Recording your debut album is usually a memorable process. For post-hardcore band Therefore I Am, committing 'The Sound of Human Lives' to tape was a true test. "We spent the fall in a closet-sized studio space located in what I refer to as a 'college student landfill' in Allston, Mass., a smaller city about three miles west of downtown Boston," vocalist Alex Correia told Noisecreep.

"This was the most hellish, creative and interesting experience of my life. We worked day jobs to pay rent and spent evenings sweating out songs like the back tank of a Miami strip club toilet. We had no AC, windows or ventilation in our studio, which was the size of a modest walk-in closet. But the worst part?" Correia adds, "The walls were covered in olive/puke/pea soup green carpet padding. It looked like the retro swinger room at your local loony bin."

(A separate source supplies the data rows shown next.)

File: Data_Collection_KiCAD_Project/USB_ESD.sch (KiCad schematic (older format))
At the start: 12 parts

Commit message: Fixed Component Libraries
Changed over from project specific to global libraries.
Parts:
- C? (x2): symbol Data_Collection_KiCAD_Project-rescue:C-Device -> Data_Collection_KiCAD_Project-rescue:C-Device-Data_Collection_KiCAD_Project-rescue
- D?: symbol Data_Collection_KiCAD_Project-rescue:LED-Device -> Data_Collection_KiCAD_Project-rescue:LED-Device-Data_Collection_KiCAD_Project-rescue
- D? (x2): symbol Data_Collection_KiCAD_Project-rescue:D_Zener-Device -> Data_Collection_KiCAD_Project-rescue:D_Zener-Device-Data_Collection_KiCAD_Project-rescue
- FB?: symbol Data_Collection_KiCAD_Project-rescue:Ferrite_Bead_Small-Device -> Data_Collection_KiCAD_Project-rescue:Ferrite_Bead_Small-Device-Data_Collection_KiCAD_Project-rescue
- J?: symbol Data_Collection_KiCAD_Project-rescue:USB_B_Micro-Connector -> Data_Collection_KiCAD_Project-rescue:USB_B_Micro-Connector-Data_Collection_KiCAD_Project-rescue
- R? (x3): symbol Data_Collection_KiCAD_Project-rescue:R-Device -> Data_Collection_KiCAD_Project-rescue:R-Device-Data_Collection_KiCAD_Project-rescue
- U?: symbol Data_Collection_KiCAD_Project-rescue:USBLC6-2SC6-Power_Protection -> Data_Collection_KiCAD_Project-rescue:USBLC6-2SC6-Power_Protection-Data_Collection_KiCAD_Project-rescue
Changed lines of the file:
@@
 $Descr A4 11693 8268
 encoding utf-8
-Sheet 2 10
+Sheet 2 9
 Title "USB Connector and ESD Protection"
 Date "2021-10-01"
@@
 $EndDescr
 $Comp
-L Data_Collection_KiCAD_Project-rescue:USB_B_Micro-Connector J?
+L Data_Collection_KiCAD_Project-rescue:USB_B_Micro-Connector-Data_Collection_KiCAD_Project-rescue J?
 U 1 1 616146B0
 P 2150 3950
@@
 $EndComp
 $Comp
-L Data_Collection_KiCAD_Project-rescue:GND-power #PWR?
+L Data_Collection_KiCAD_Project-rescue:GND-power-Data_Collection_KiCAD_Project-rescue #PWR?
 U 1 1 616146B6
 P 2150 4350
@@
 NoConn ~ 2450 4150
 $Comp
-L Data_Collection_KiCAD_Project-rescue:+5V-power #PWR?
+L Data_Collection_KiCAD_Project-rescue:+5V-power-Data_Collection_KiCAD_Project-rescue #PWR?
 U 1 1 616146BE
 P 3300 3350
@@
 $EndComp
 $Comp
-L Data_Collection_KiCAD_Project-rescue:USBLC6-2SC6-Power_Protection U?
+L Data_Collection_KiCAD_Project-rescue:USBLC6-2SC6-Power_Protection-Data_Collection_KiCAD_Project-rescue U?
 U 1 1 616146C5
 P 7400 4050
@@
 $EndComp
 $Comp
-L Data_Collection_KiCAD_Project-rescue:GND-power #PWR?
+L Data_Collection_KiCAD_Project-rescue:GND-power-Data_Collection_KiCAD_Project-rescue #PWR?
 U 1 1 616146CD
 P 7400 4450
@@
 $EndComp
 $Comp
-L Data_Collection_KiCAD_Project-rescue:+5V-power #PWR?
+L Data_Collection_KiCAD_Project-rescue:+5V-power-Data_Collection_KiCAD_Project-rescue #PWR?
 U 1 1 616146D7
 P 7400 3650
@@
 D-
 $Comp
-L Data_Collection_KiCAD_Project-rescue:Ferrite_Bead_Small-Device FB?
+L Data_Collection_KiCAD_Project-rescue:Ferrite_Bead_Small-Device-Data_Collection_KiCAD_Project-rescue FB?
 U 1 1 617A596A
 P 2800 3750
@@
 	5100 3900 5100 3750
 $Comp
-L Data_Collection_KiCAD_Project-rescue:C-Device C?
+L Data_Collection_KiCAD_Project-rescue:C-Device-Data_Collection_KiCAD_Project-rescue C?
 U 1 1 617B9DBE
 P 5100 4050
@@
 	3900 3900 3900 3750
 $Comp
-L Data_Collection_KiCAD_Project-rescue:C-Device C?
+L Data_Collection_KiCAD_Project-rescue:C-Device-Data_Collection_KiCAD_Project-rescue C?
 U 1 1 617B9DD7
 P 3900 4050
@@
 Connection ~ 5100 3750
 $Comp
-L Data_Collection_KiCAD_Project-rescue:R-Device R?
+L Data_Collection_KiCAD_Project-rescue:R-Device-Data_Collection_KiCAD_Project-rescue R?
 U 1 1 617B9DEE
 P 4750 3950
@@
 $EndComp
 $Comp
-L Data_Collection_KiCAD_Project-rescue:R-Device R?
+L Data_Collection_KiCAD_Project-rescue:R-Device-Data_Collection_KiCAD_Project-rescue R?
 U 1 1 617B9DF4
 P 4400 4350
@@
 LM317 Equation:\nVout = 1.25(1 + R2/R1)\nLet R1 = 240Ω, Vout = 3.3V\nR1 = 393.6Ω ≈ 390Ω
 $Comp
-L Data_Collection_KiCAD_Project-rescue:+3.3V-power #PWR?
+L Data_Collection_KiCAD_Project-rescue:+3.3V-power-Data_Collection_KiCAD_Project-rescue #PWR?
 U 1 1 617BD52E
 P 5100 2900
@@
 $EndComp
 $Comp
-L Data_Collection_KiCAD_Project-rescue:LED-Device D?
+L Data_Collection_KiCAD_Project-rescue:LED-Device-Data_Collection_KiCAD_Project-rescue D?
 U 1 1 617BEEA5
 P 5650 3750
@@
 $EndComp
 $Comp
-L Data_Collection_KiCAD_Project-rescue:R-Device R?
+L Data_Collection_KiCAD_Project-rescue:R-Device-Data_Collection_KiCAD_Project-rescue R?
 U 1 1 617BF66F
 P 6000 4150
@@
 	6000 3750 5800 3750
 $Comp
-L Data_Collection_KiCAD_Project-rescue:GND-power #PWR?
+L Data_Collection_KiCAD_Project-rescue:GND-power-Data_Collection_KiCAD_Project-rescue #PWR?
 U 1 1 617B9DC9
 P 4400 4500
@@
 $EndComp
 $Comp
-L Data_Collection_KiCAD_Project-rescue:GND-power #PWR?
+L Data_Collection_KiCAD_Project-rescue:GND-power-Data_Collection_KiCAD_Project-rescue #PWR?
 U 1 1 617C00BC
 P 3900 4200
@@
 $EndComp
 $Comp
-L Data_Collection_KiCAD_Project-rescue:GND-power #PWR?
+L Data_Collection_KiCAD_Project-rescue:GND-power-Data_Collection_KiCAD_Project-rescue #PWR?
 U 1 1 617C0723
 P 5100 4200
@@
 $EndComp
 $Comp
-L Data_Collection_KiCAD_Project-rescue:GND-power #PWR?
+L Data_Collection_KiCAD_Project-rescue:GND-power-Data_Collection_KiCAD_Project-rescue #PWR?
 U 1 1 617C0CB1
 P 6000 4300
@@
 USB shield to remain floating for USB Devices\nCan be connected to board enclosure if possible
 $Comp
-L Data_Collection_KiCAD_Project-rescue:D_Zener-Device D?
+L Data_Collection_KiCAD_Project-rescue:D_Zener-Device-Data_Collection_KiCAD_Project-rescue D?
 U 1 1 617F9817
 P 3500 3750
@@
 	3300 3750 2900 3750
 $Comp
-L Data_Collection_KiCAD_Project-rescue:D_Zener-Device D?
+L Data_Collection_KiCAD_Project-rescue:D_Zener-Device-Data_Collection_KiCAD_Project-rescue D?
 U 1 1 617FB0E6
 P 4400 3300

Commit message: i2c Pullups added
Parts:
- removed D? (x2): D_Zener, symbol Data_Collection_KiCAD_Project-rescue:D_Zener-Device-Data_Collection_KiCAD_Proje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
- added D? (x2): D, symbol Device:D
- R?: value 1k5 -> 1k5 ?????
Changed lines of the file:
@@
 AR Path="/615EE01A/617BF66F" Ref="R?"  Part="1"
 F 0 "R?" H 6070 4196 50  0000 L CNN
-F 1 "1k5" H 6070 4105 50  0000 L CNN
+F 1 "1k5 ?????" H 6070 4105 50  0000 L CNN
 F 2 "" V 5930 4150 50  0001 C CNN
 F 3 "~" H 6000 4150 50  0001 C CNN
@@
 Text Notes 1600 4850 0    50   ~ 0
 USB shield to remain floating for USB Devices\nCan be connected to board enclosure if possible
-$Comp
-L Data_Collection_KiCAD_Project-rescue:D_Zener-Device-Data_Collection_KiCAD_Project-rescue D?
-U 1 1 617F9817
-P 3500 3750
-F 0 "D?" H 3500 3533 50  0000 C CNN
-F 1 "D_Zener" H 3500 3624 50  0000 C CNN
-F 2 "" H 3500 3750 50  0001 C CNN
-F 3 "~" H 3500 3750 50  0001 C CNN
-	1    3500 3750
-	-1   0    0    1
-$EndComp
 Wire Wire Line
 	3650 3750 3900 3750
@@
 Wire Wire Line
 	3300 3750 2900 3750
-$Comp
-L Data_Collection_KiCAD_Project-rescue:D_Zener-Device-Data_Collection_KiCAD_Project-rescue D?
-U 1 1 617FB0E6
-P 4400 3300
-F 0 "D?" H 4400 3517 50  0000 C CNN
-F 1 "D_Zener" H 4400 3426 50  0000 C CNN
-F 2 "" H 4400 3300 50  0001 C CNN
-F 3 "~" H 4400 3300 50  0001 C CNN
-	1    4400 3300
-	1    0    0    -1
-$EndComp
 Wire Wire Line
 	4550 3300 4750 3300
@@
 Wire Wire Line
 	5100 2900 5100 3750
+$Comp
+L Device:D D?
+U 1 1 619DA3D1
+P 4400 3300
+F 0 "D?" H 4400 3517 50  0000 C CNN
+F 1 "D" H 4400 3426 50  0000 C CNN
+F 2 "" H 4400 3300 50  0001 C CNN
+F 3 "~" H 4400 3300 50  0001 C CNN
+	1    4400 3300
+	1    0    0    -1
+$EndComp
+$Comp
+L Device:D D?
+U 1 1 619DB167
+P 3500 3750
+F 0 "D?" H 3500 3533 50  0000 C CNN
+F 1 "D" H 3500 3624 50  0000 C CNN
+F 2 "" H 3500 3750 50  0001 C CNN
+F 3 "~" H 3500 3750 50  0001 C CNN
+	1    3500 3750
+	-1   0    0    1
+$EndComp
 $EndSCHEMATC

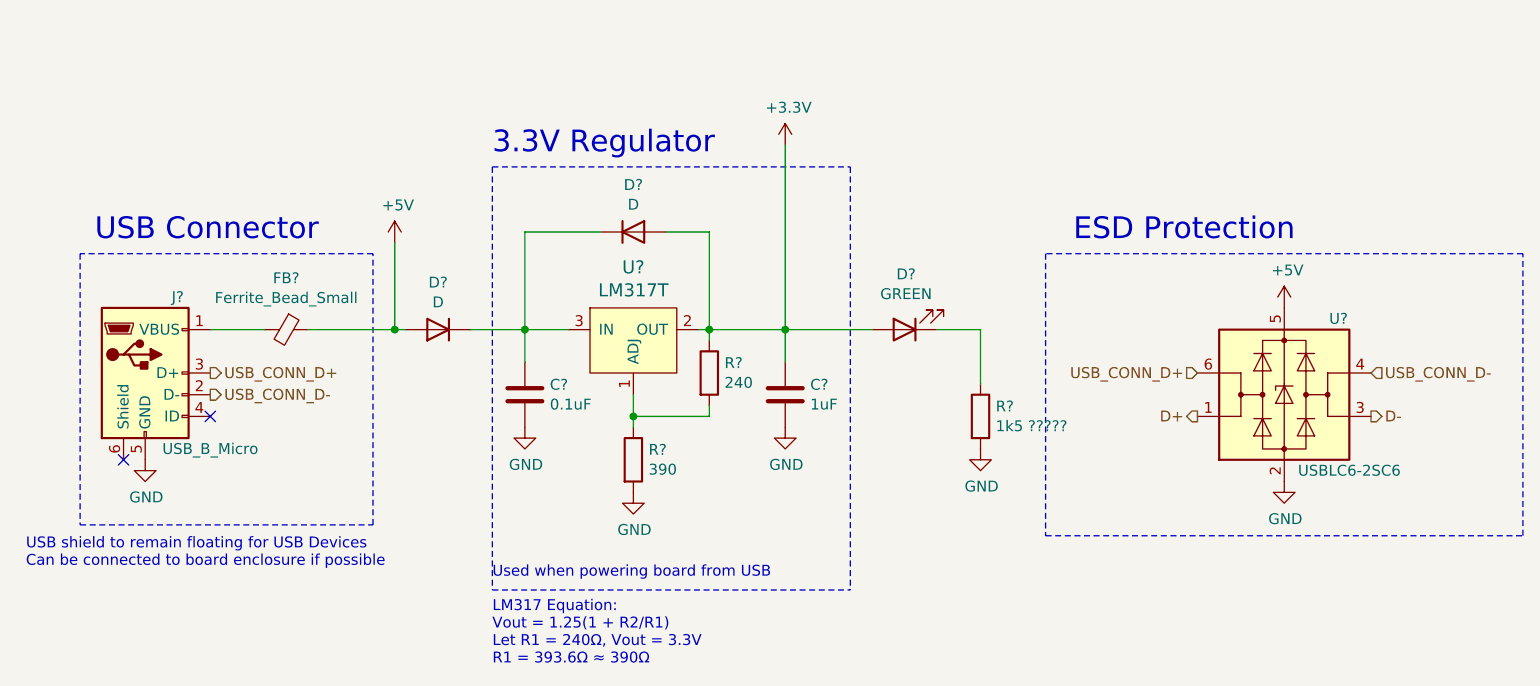
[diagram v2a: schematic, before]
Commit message: footprint and value changes
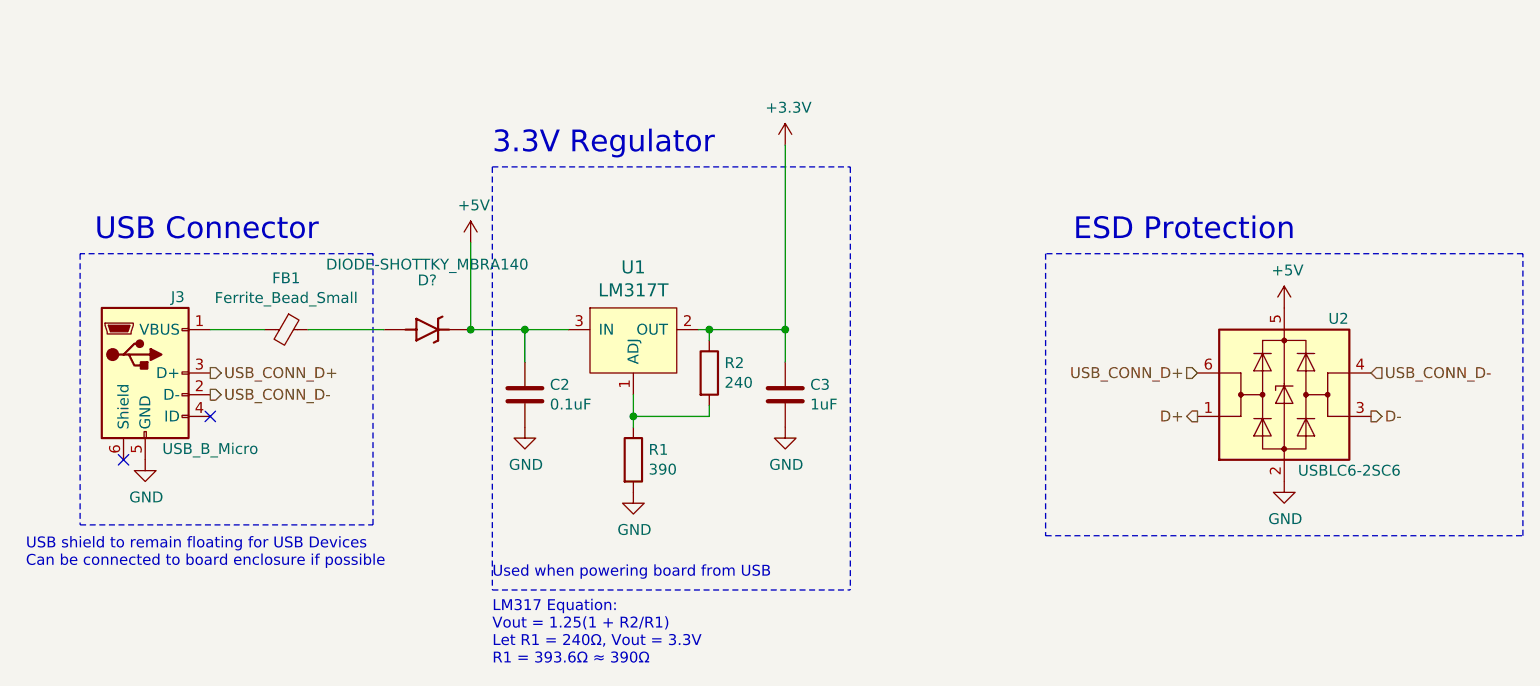
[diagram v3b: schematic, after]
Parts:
- removed D?: GREEN, symbol Data_Collection_KiCAD_Project-rescue:LED-Device-Data_Collection_KiCAD_Project-r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
- removed D? (x2): D, symbol Device:D
- removed R?: 1k5 ?????, symbol Data_Collection_KiCAD_Project-rescue:R-Device-Data_Collection_KiCAD_Project-res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
- added D?: DIODE-SHOTTKY_MBRA140, Silicon-Standard:SMA-DIODE, symbol SparkFun-DiscreteSemi:DIODE-SHOTTKY_MBRA140
- C2, C3: renamed from C?; footprint (none) -> Capacitor_SMD:C_0603_1608Metric
- R1, R2: renamed from R?; footprint (none) -> Resistor_SMD:R_0603_1608Metric
- gave numbers to parts that had none: 4
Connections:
- net +5V: now also C2.1, U1.3 (IN), D?.C; no longer FB1.1
- new net: D?.A, FB1.1

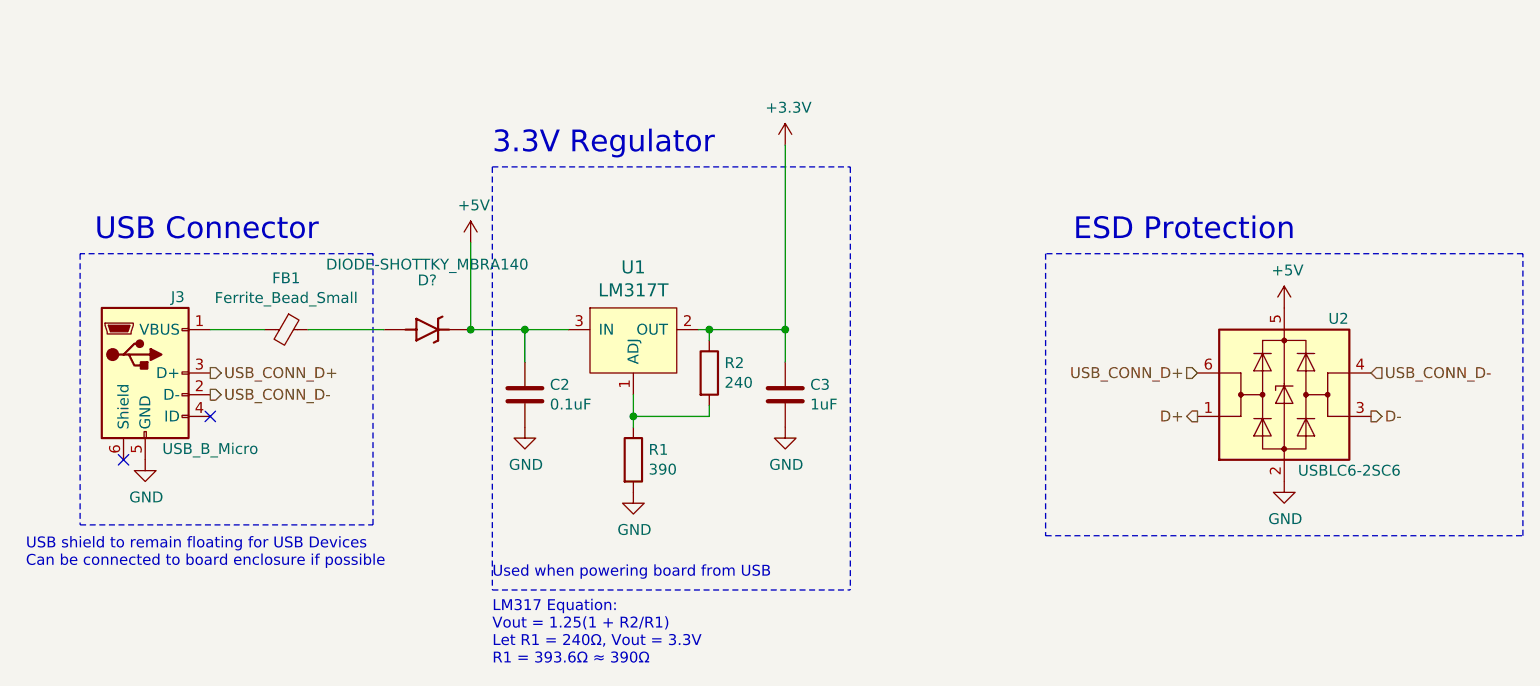
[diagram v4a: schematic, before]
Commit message: footprint changes
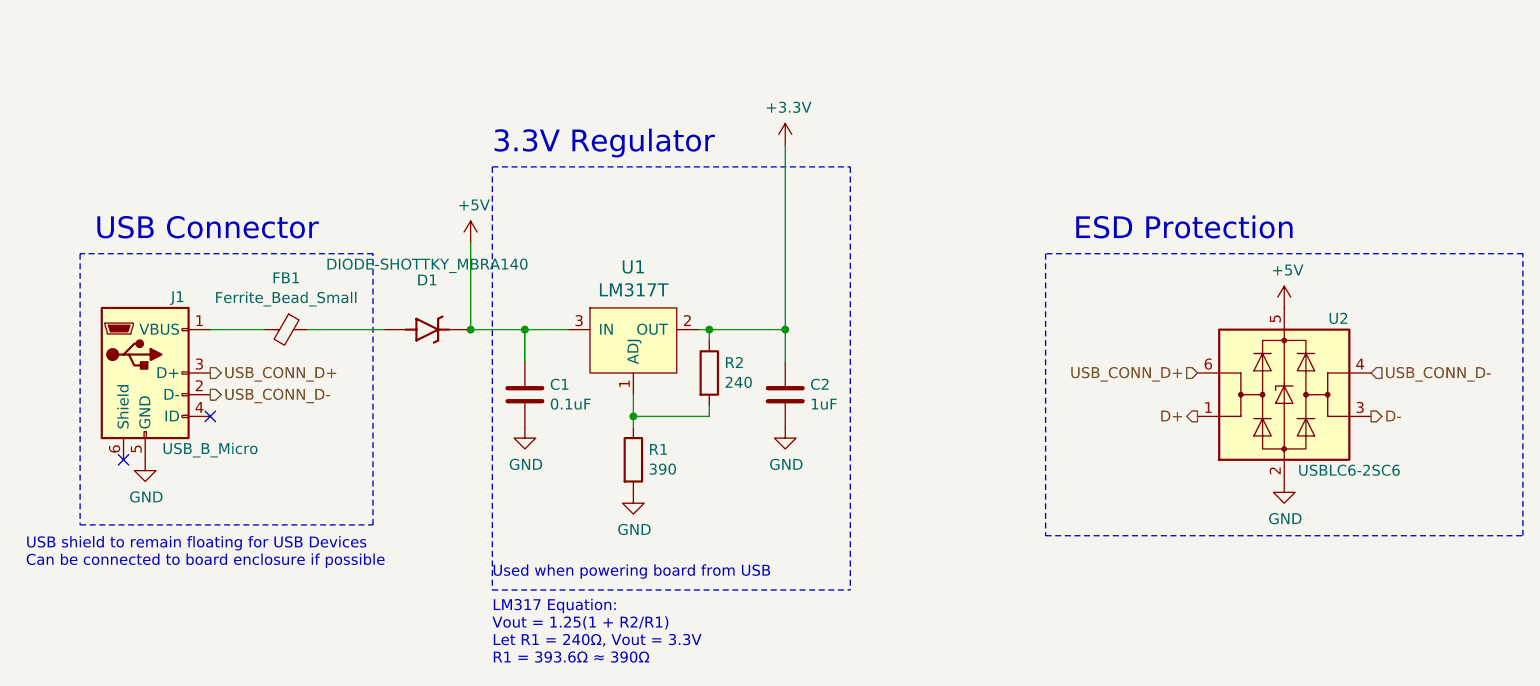
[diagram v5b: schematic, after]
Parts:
- gave numbers to parts that had none: 1
- renumbered C2 to C1, C3 to C2, J3 to J1
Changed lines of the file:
@@
 $EndDescr
 $Comp
-L Data_Collection_KiCAD_Project-rescue:USB_B_Micro-Connector-Data_Collection_KiCAD_Project-rescue J3
+L Data_Collection_KiCAD_Project-rescue:USB_B_Micro-Connector-Data_Collection_KiCAD_Project-rescue J1
 U 1 1 616146B0
 P 2150 3950
-F 0 "J3" H 2300 4300 50  0000 C CNN
+F 0 "J1" H 2300 4300 50  0000 C CNN
 F 1 "USB_B_Micro" H 2450 3600 50  0000 C CNN
 F 2 "" H 2300 3900 50  0001 C CNN
@@
 $EndComp
 $Comp
-L Data_Collection_KiCAD_Project-rescue:GND-power-Data_Collection_KiCAD_Project-rescue #PWR012
+L Data_Collection_KiCAD_Project-rescue:GND-power-Data_Collection_KiCAD_Project-rescue #PWR05
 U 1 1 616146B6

After sorting demos in said loony bin space, the band moved its gear "and whatever sanity we had left" to an apartment in nearby Providence, R.I. so they could record with Mike Poorman. "The whole experience was like mentally having a child," Correia mused. "I don't mean like a young man going through the questions of becoming a parent. I mean it was like all the pain a mother goes through: stress, fatigue and nerve-shattering pains of labor and birth, all crammed into a 35-day migraine. It was like the worst boot camp scenes of 'Full Metal Jacket' replaying for a month, and Mike Poorman was Sgt. Hartman!"

Despite the hectic and agonizing process, Therefore I Am emerged from darkness to light, with a record they're pretty damn proud of. "We made it out alive and had our baby. We named her, picked out her clothes, took pictures and are now ready to show those pictures to all the other moms and dads in grocery stores and playgrounds around the world," Correia said, extending his metaphor.

The band is spending its summer vacation showing off its 'baby' on the entire run of Warped Tour. "In between getting sunburns, having mud fights and chugging cans of sugary energy drinks, we'll play you some songs, say hello, and show you some pictures of our baby girl," Correia said. 'The Sound of Human Lives' is out now.